Start of Block
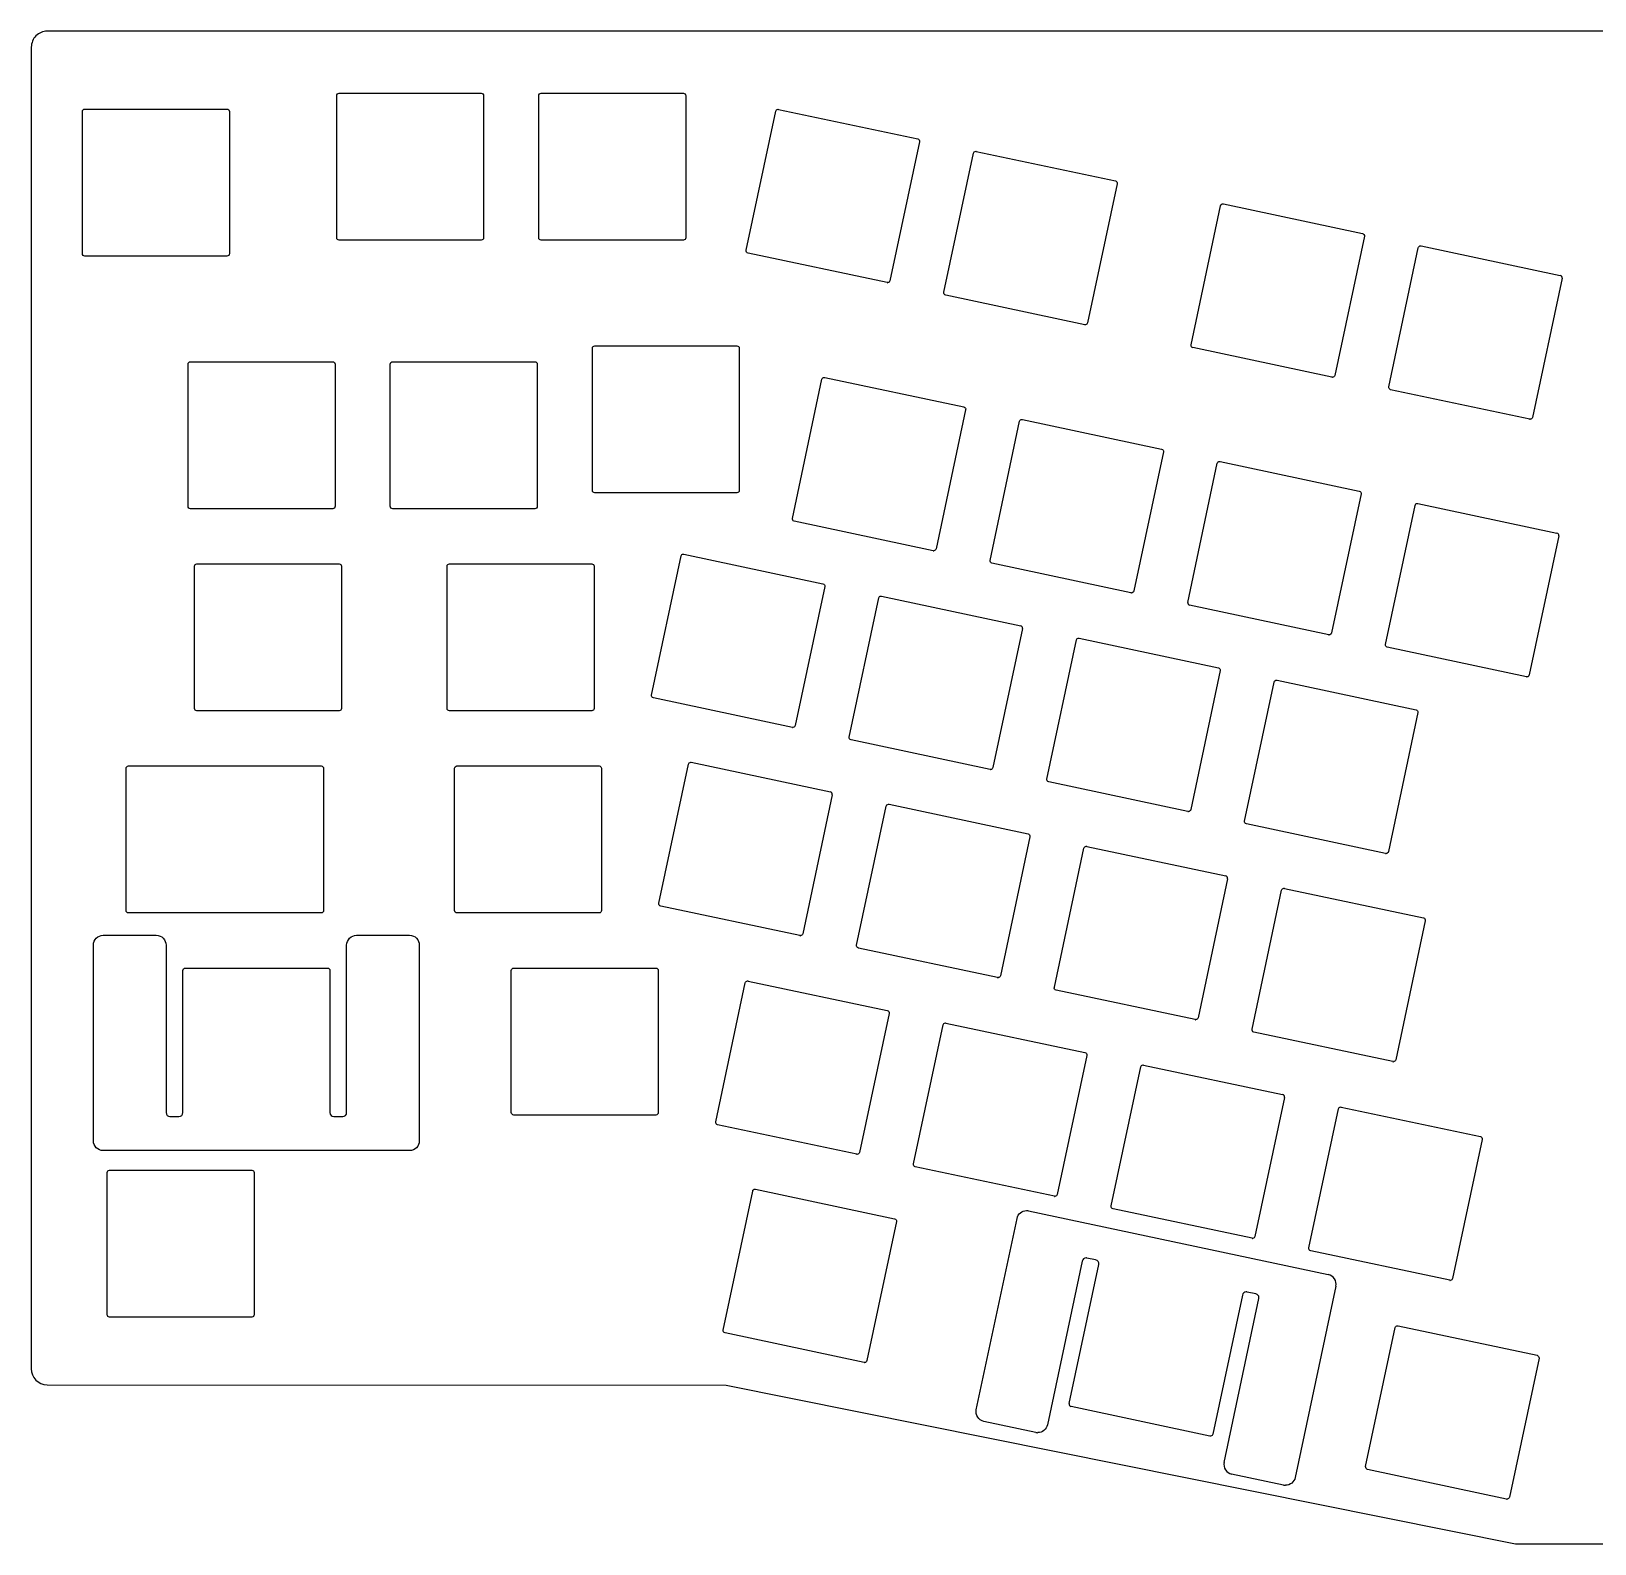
# Model space of a CAD drawing. Header units: millimetres. Extents: x -41 to 297, y 74 to 216.
# Drawn here: x -41.4 to 106, y 73.6 to 216.2 of the extents above; entities that cross this region are included whole.
import ezdxf

# ---------------------------------------------------------------- set-up
doc = ezdxf.new("R2010")
doc.units = ezdxf.units.MM
doc.layers.get('0').update_dxf_attribs({"linetype": 'CONTINUOUS'})

msp = doc.modelspace()

# ---------------------------------------------------------------- linework, layer by layer
for p, q in [((-12.61, 196.7), (-12.61, 210.1)), ((-12.38, 210.33), (1.02, 210.33)), ((1.24, 210.1), (1.24, 196.7)), ((6.44, 196.7), (6.44, 210.1)), ((6.67, 210.33), (20.07, 210.33)), ((20.29, 210.1), (20.29, 196.7)), ((-36.57, 195.2), (-36.57, 208.6)), ((-36.57, 195.2), (-36.57, 208.6)), ((-36.35, 208.83), (-22.95, 208.83)), ((-36.35, 208.83), (-22.95, 208.83)), ((-22.72, 208.6), (-22.72, 195.2)), ((-22.72, 208.6), (-22.72, 195.2)), ((25.99, 195.52), (28.77, 208.63)), ((29.04, 208.8), (42.15, 206.02)), ((42.32, 205.75), (39.53, 192.64)), ((47.67, 204.84), (60.78, 202.06)), ((44.62, 191.56), (47.41, 204.67)), ((60.95, 201.79), (58.17, 188.68)), ((67.91, 186.61), (70.7, 199.72)), ((70.96, 199.89), (84.07, 197.11)), ((1.02, 196.48), (-12.38, 196.48)), ((20.07, 196.48), (6.67, 196.48)), ((84.25, 196.84), (81.46, 183.73)), ((-22.95, 194.98), (-36.35, 194.98)), ((-22.95, 194.98), (-36.35, 194.98)), ((39.27, 192.47), (26.16, 195.26)), ((86.55, 182.65), (89.33, 195.76)), ((89.6, 195.93), (102.71, 193.15)), ((102.88, 192.88), (100.09, 179.77)), ((57.9, 188.51), (44.79, 191.3)), ((11.49, 172.89), (11.49, 186.29)), ((11.72, 186.51), (25.12, 186.51)), ((25.34, 186.29), (25.34, 172.89)), ((81.19, 183.56), (68.09, 186.35)), ((-26.61, 171.39), (-26.61, 184.79)), ((-26.61, 171.39), (-26.61, 184.79)), ((-26.38, 185.01), (-12.98, 185.01)), ((-26.38, 185.01), (-12.98, 185.01)), ((-12.76, 184.79), (-12.76, 171.39)), ((-12.76, 184.79), (-12.76, 171.39)), ((-7.56, 171.39), (-7.56, 184.79)), ((-7.33, 185.01), (6.07, 185.01)), ((6.29, 184.79), (6.29, 171.39)), ((30.34, 170.25), (33.13, 183.36)), ((33.39, 183.53), (46.5, 180.75)), ((99.83, 179.6), (86.72, 182.38)), ((46.67, 180.48), (43.89, 167.37)), ((48.97, 166.29), (51.76, 179.4)), ((52.03, 179.57), (65.13, 176.79)), ((65.31, 176.52), (62.52, 163.41)), ((67.61, 162.33), (70.39, 175.44)), ((70.66, 175.61), (83.77, 172.83)), ((25.12, 172.66), (11.72, 172.66)), ((83.94, 172.56), (81.15, 159.45)), ((-12.98, 171.16), (-26.38, 171.16)), ((-12.98, 171.16), (-26.38, 171.16)), ((6.07, 171.16), (-7.33, 171.16)), ((86.24, 158.37), (89.03, 171.48)), ((89.29, 171.65), (102.4, 168.87)), ((43.62, 167.2), (30.51, 169.99)), ((102.57, 168.6), (99.79, 155.49)), ((17.06, 153.6), (19.85, 166.71)), ((20.12, 166.88), (33.22, 164.09)), ((-26.01, 152.34), (-26.01, 165.74)), ((-25.78, 165.96), (-12.38, 165.96)), ((-12.16, 165.74), (-12.16, 152.34)), ((-2.2, 152.34), (-2.2, 165.74)), ((-1.97, 165.96), (11.43, 165.96)), ((11.65, 165.74), (11.65, 152.34)), ((62.25, 163.24), (49.15, 166.03)), ((33.4, 163.83), (30.61, 150.72)), ((35.7, 149.64), (38.48, 162.75)), ((38.75, 162.92), (51.86, 160.13)), ((80.89, 159.28), (67.78, 162.06)), ((52.03, 159.87), (49.24, 146.76)), ((54.33, 145.68), (57.12, 158.79)), ((57.38, 158.96), (70.49, 156.17)), ((99.52, 155.32), (86.41, 158.1)), ((70.66, 155.91), (67.88, 142.8)), ((72.96, 141.72), (75.75, 154.82)), ((76.02, 155), (89.12, 152.21)), ((30.34, 150.55), (17.24, 153.33)), ((-12.38, 152.11), (-25.78, 152.11)), ((11.43, 152.11), (-1.97, 152.11)), ((89.3, 151.95), (86.51, 138.84)), ((48.98, 146.59), (35.87, 149.37)), ((-32.46, 133.29), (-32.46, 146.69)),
End of Block
__ACTIVITY__.
Copy the lines of the data above exactly as written, beginning with the line containing "# Drawn here: x" and ending with the line containing "msp = doc.modelspace()", and leave out all other lines.

__REPLY TO THE TASK__.
# Drawn here: x -41.4 to 106, y 73.6 to 216.2 of the extents above; entities that cross this region are included whole.
import ezdxf

# ---------------------------------------------------------------- set-up
doc = ezdxf.new("R2010")
doc.units = ezdxf.units.MM
doc.layers.get('0').update_dxf_attribs({"linetype": 'CONTINUOUS'})

msp = doc.modelspace()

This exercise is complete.